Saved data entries
::::
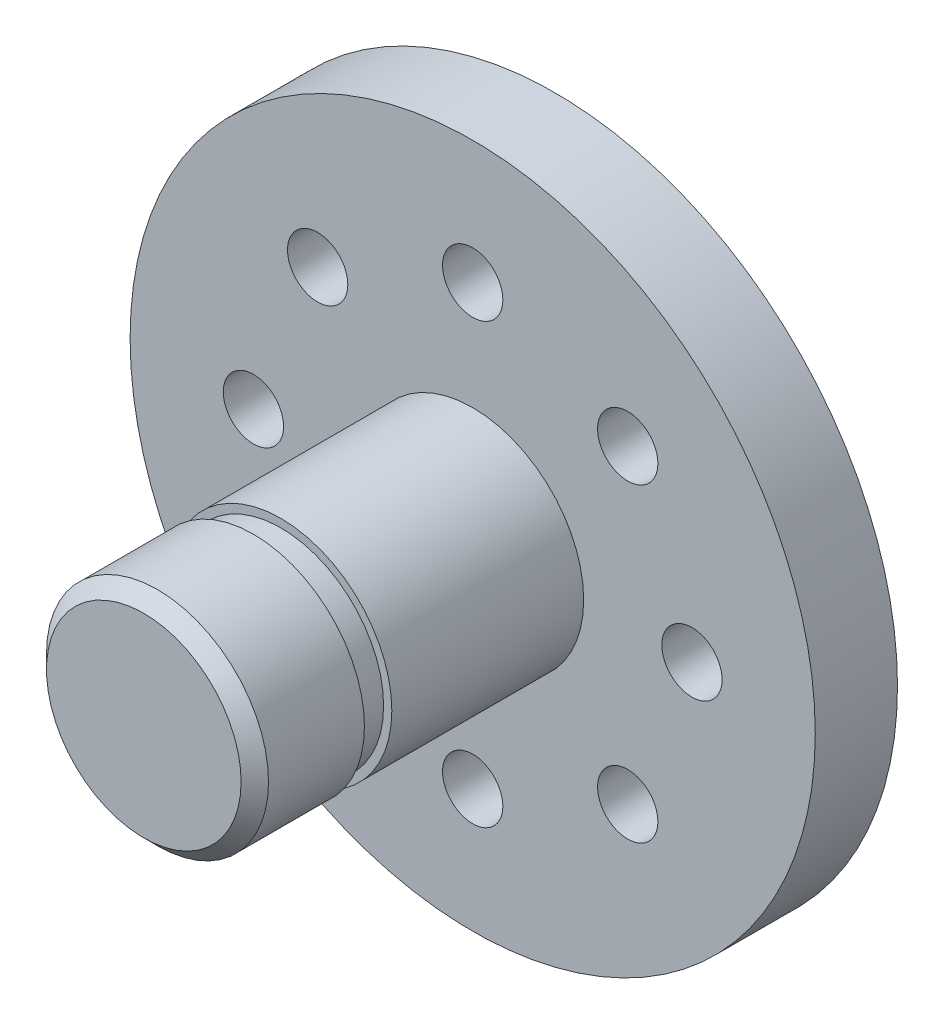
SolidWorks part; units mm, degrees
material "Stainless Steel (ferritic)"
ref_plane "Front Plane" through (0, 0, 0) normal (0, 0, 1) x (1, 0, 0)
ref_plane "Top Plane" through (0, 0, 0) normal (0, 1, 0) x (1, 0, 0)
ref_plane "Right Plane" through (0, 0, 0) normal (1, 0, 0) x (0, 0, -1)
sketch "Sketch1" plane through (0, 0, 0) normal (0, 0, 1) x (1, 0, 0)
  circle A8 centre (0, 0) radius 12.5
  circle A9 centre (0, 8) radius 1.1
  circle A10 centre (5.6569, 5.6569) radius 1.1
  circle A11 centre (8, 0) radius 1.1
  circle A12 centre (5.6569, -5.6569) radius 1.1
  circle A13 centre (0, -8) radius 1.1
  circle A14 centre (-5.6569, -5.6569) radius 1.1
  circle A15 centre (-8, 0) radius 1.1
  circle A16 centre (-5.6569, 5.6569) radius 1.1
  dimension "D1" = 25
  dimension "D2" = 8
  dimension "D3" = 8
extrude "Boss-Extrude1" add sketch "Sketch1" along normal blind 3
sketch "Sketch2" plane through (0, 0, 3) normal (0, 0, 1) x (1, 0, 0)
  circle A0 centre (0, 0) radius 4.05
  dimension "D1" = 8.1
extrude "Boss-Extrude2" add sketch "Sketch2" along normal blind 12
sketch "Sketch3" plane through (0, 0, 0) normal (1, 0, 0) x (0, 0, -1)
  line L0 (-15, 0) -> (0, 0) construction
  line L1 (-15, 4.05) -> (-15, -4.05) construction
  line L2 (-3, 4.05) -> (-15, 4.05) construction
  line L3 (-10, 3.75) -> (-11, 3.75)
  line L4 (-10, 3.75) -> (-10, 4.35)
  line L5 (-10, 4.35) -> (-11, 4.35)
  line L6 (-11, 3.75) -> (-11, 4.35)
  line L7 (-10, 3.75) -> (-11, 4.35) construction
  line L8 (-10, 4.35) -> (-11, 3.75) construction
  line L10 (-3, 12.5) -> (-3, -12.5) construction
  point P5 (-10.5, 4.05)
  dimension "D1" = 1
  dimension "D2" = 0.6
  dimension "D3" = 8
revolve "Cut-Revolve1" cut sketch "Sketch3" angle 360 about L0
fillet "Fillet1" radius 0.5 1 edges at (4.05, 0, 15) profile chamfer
::::
» What you are asked to do
Using only the entries above, output the line with "circle A12 centre", the line with "normal blind 3", and all lines between them, exactly as they stand.

» Expected output
  circle A12 centre (5.6569, -5.6569) radius 1.1
  circle A13 centre (0, -8) radius 1.1
  circle A14 centre (-5.6569, -5.6569) radius 1.1
  circle A15 centre (-8, 0) radius 1.1
  circle A16 centre (-5.6569, 5.6569) radius 1.1
  dimension "D1" = 25
  dimension "D2" = 8
  dimension "D3" = 8
extrude "Boss-Extrude1" add sketch "Sketch1" along normal blind 3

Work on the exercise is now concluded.